A wage rate that averages $1.40 an hour in the maquilas remains a prime reason for the corporate convoy southward.

But the potential opening of the Mexican market to more US goods and what companies view as onerous regulations in the US can also play a part. In recent years, several dozen furniture manufacturers have left southern California for Mexico and other parts of the Southwest partly because of the region's air-quality rules, the nation's most stringent.

In 1989, Eric Morgan Inc., which employed 300 people making home entertainment centers in the Los Angeles area, moved lock, stock, and table saw to Tijuana. Company brass say environmental rules, high real estate, and other costs stifled expansion.

"We could not even get another [air-quality] permit for a spray booth," says Richard Sinkin, managing director of InterAmerican Holdings Company, a San Diego-based firm that helps set up and manage maquiladoras.

InterAmerican was part owner of Eric Morgan at the time of the move. The Eric Morgan line of furniture has since been sold to Bush Industries, a US manufacturer. InterAmerican still helps manage the firm here.

Bush Industries employs about 200 Mexicans in a cavernous plant in one of Tijuana's poorest neighborhoods. They turn out wood cabinets for TVs and stereos. Many jobs involve simple assembly, but workers also operate table saws, routers, and pneumatic sanders. Salaries start at about $1 an hour.

The plant is well-lighted, with a subsidized lunch counter. The paint booths are filtered and fan-ventilated through the ceiling, equipment InterAmerican officials say is state-of-the-art.

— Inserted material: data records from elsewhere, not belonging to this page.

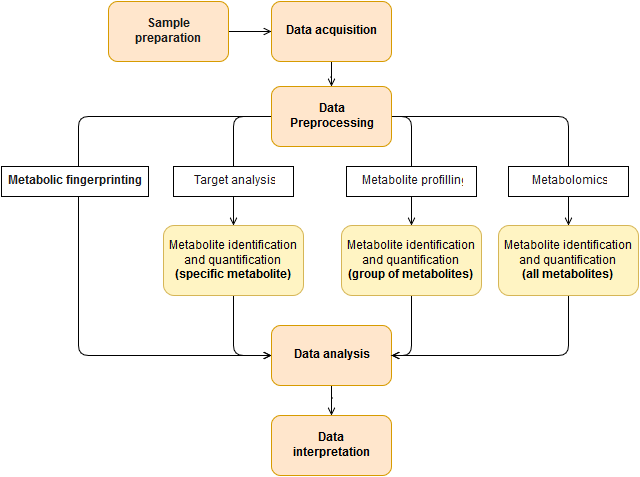

The diagram above was exported from draw.io. Its source (the exported page's mxGraphModel, read from the mxfile embedded in the PNG):
<mxGraphModel dx="1066" dy="541" grid="1" gridSize="10" guides="1" tooltips="1" connect="1" arrows="1" fold="1" page="1" pageScale="1" pageWidth="826" pageHeight="1169" background="#ffffff" math="0" shadow="0">
  <root>
    <mxCell id="0" />
    <mxCell id="1" parent="0" />
    <mxCell id="12" style="edgeStyle=orthogonalEdgeStyle;rounded=1;html=1;endSize=6;jettySize=auto;orthogonalLoop=1;fontSize=12;fontColor=#1A1A1A;endArrow=open;endFill=0;" edge="1" parent="1" source="3" target="4">
      <mxGeometry relative="1" as="geometry" />
    </mxCell>
    <mxCell id="3" value="&lt;div align=&quot;center&quot;&gt;Sample &lt;br&gt;&lt;/div&gt;&lt;div align=&quot;center&quot;&gt;preparation&lt;br&gt;&lt;/div&gt;" style="rounded=1;whiteSpace=wrap;html=1;shadow=0;glass=0;comic=0;strokeColor=#d79b00;fillColor=#ffe6cc;fontSize=12;align=center;fontColor=#1A1A1A;fontStyle=1" vertex="1" parent="1">
      <mxGeometry x="190" y="60" width="120" height="60" as="geometry" />
    </mxCell>
    <mxCell id="13" style="edgeStyle=orthogonalEdgeStyle;rounded=1;html=1;entryX=0.5;entryY=0;endSize=6;jettySize=auto;orthogonalLoop=1;fontSize=12;fontColor=#1A1A1A;endArrow=open;endFill=0;" edge="1" parent="1" source="4" target="5">
      <mxGeometry relative="1" as="geometry" />
    </mxCell>
    <mxCell id="4" value="Data acquisition&lt;br&gt;" style="rounded=1;whiteSpace=wrap;html=1;shadow=0;glass=0;comic=0;strokeColor=#d79b00;fillColor=#ffe6cc;fontSize=12;align=center;fontStyle=1" vertex="1" parent="1">
      <mxGeometry x="353" y="60" width="120" height="60" as="geometry" />
    </mxCell>
    <mxCell id="32" style="edgeStyle=orthogonalEdgeStyle;rounded=1;html=1;endArrow=open;endFill=0;jettySize=auto;orthogonalLoop=1;fontSize=12;fontColor=#1A1A1A;" edge="1" parent="1" source="5" target="10">
      <mxGeometry relative="1" as="geometry" />
    </mxCell>
    <mxCell id="34" style="edgeStyle=orthogonalEdgeStyle;rounded=1;html=1;exitX=1;exitY=0.5;endArrow=open;endFill=0;jettySize=auto;orthogonalLoop=1;fontSize=12;fontColor=#1A1A1A;" edge="1" parent="1" source="5" target="9">
      <mxGeometry relative="1" as="geometry" />
    </mxCell>
    <mxCell id="38" style="edgeStyle=orthogonalEdgeStyle;rounded=1;html=1;endArrow=open;endFill=0;jettySize=auto;orthogonalLoop=1;fontSize=12;fontColor=#1A1A1A;exitX=0;exitY=0.5;entryX=0.5;entryY=0;" edge="1" parent="1" source="5" target="6">
      <mxGeometry relative="1" as="geometry">
        <Array as="points">
          <mxPoint x="315" y="175" />
        </Array>
      </mxGeometry>
    </mxCell>
    <mxCell id="40" style="edgeStyle=orthogonalEdgeStyle;rounded=1;html=1;exitX=0;exitY=0.5;entryX=0;entryY=0.5;endArrow=open;endFill=0;jettySize=auto;orthogonalLoop=1;fontSize=12;fontColor=#1A1A1A;" edge="1" parent="1" source="5" target="7">
      <mxGeometry relative="1" as="geometry">
        <Array as="points">
          <mxPoint x="160" y="175" />
          <mxPoint x="160" y="414" />
        </Array>
      </mxGeometry>
    </mxCell>
    <mxCell id="5" value="Data &lt;br&gt;Preprocessing" style="rounded=1;whiteSpace=wrap;html=1;shadow=0;glass=0;comic=0;strokeColor=#d79b00;fillColor=#ffe6cc;fontSize=12;align=center;fontStyle=1" vertex="1" parent="1">
      <mxGeometry x="353" y="145" width="120" height="60" as="geometry" />
    </mxCell>
    <mxCell id="39" style="edgeStyle=orthogonalEdgeStyle;rounded=1;html=1;exitX=0.5;exitY=1;entryX=0;entryY=0.5;endArrow=open;endFill=0;jettySize=auto;orthogonalLoop=1;fontSize=12;fontColor=#1A1A1A;" edge="1" parent="1" source="6" target="7">
      <mxGeometry relative="1" as="geometry" />
    </mxCell>
    <mxCell id="6" value="Metabolite identification and quantification&lt;br&gt;&lt;b&gt;(specific metabolite)&lt;/b&gt;&lt;br&gt;" style="rounded=1;whiteSpace=wrap;html=1;shadow=0;glass=0;comic=0;strokeColor=#d6b656;fillColor=#FFF4C3;fontSize=12;align=center;" vertex="1" parent="1">
      <mxGeometry x="245" y="284" width="140" height="70" as="geometry" />
    </mxCell>
    <mxCell id="41" style="edgeStyle=orthogonalEdgeStyle;rounded=1;html=1;entryX=0.5;entryY=0;endArrow=open;endFill=0;jettySize=auto;orthogonalLoop=1;fontSize=12;fontColor=#1A1A1A;" edge="1" parent="1" source="7" target="8">
      <mxGeometry relative="1" as="geometry" />
    </mxCell>
    <mxCell id="7" value="Data analysis&lt;br&gt;" style="rounded=1;whiteSpace=wrap;html=1;shadow=0;glass=0;comic=0;strokeColor=#d79b00;fillColor=#ffe6cc;fontSize=12;align=center;fontStyle=1" vertex="1" parent="1">
      <mxGeometry x="353" y="384" width="120" height="60" as="geometry" />
    </mxCell>
    <mxCell id="8" value="Data &lt;br&gt;interpretation&lt;br&gt;" style="rounded=1;whiteSpace=wrap;html=1;shadow=0;glass=0;comic=0;strokeColor=#d79b00;fillColor=#ffe6cc;fontSize=12;align=center;fontStyle=1;verticalAlign=middle;" vertex="1" parent="1">
      <mxGeometry x="353" y="474" width="120" height="60" as="geometry" />
    </mxCell>
    <mxCell id="35" style="edgeStyle=orthogonalEdgeStyle;rounded=1;html=1;entryX=1;entryY=0.5;endArrow=open;endFill=0;jettySize=auto;orthogonalLoop=1;fontSize=12;fontColor=#1A1A1A;" edge="1" parent="1" source="9" target="7">
      <mxGeometry relative="1" as="geometry" />
    </mxCell>
    <mxCell id="9" value="Metabolite identification and quantification&lt;br&gt;&lt;b&gt;(group of metabolites)&lt;/b&gt;&lt;br&gt;" style="rounded=1;whiteSpace=wrap;html=1;shadow=0;glass=0;comic=0;strokeColor=#d6b656;fillColor=#FFF4C3;fontSize=12;align=center;" vertex="1" parent="1">
      <mxGeometry x="423" y="284" width="140" height="70" as="geometry" />
    </mxCell>
    <mxCell id="36" style="edgeStyle=orthogonalEdgeStyle;rounded=1;html=1;entryX=1;entryY=0.5;endArrow=open;endFill=0;jettySize=auto;orthogonalLoop=1;fontSize=12;fontColor=#1A1A1A;exitX=0.5;exitY=1;" edge="1" parent="1" source="10" target="7">
      <mxGeometry relative="1" as="geometry">
        <Array as="points">
          <mxPoint x="650" y="414" />
        </Array>
      </mxGeometry>
    </mxCell>
    <mxCell id="10" value="Metabolite identification and quantification&lt;br&gt;&lt;b&gt;(all metabolites)&lt;/b&gt;&lt;br&gt;" style="rounded=1;whiteSpace=wrap;html=1;shadow=0;glass=0;comic=0;strokeColor=#d6b656;fillColor=#FFF4C3;fontSize=12;align=center;" vertex="1" parent="1">
      <mxGeometry x="580" y="284" width="140" height="70" as="geometry" />
    </mxCell>
    <mxCell id="23" value="Metabolomics" style="whiteSpace=wrap;html=1;rounded=0;shadow=0;glass=0;comic=0;strokeColor=#000000;fillColor=#ffffff;fontSize=12;fontColor=#1A1A1A;align=center;fontStyle=0" vertex="1" parent="1">
      <mxGeometry x="590" y="225" width="120" height="30" as="geometry" />
    </mxCell>
    <mxCell id="24" value="Metabolite profilling&lt;br&gt;" style="whiteSpace=wrap;html=1;rounded=0;shadow=0;glass=0;comic=0;strokeColor=#000000;fillColor=#ffffff;fontSize=12;fontColor=#1A1A1A;align=center;fontStyle=0" vertex="1" parent="1">
      <mxGeometry x="428" y="225" width="130" height="30" as="geometry" />
    </mxCell>
    <mxCell id="28" value="Metabolic fingerprinting&lt;br&gt;" style="whiteSpace=wrap;html=1;rounded=0;shadow=0;glass=0;comic=0;strokeColor=#000000;fillColor=#ffffff;fontSize=12;fontColor=#1A1A1A;align=center;fontStyle=1;verticalAlign=middle;" vertex="1" parent="1">
      <mxGeometry x="83" y="225" width="147" height="30" as="geometry" />
    </mxCell>
    <mxCell id="29" value="Target analysis&lt;br&gt;" style="whiteSpace=wrap;html=1;rounded=0;shadow=0;glass=0;comic=0;strokeColor=#000000;fillColor=#ffffff;fontSize=12;fontColor=#1A1A1A;align=center;fontStyle=0" vertex="1" parent="1">
      <mxGeometry x="255" y="225" width="120" height="30" as="geometry" />
    </mxCell>
  </root>
</mxGraphModel>

Next door, a Los Angeles textile maker, Countess York of California Inc., is about to begin operation. By mid-summer, 150 Mexicans will be sewing pillow shams, dust ruffles, and drapes. Countess York will not idle workers in Los Angeles, though, since the plant here is an expansion.

Dr. Sinkin defends these kinds of corporate moves. In his office in San Diego, he argues many labor-intensive industries have two options: either go out of business or move operations "offshore" to low-wage countries in Asia.

By setting up in Mexico, all the raw materials for the products - the oak, glue, nails, and hinges - that go into making cabinets come from the US. The theory is that industries that produce these goods will grow, offsetting some of the job losses caused by manufacturers moving south.

In addition, the US parent companies that set up operations in Mexico will be more competitive. Other jobs are created in the US, Sinkin and others maintain, as accountants, distributers, and other firms set up along the border to service the companies.

"For the guy who was going to lose his job in Los Angeles, all this is very little consolation," Sinkin says. "But that person was going to lose his job anyway. I don't think creating more sewing jobs in the US is the answer to our competitiveness."

Union leaders and other critics wince at this. They see only unemployed workers in Detroit and Los Angeles, and firms operating south of the border that pollute and exploit Mexican workers. The answer to competitiveness, they say, is to invest in machines and manpower at home.

"We benefit by investing in new plant and equipment and better training and education of workers," says Joseph Francis, head of a regional labor council in San Diego. "When you abandon this, you lose."

All these arguments mean little to Angelica Munoz. She moved to Tijuana from Acapulco to make more money. She does earn more now - $50 a week, about twice the minimum wage in Mexico - fastening rollers on cabinets at the furniture factory here. She works 9.5 hours a day, five days a week, with a half hour off for lunch. "I like the job," she says. "But I would like to make more money."

Antonio Ortez, who sands nearby, also makes more now than he did as a farmer in interior Mexico. "It is a little tight," says the cowboy-hatted worker, who lives with his family of seven in a makeshift house he built. "But I like the maquiladoras. There is work available."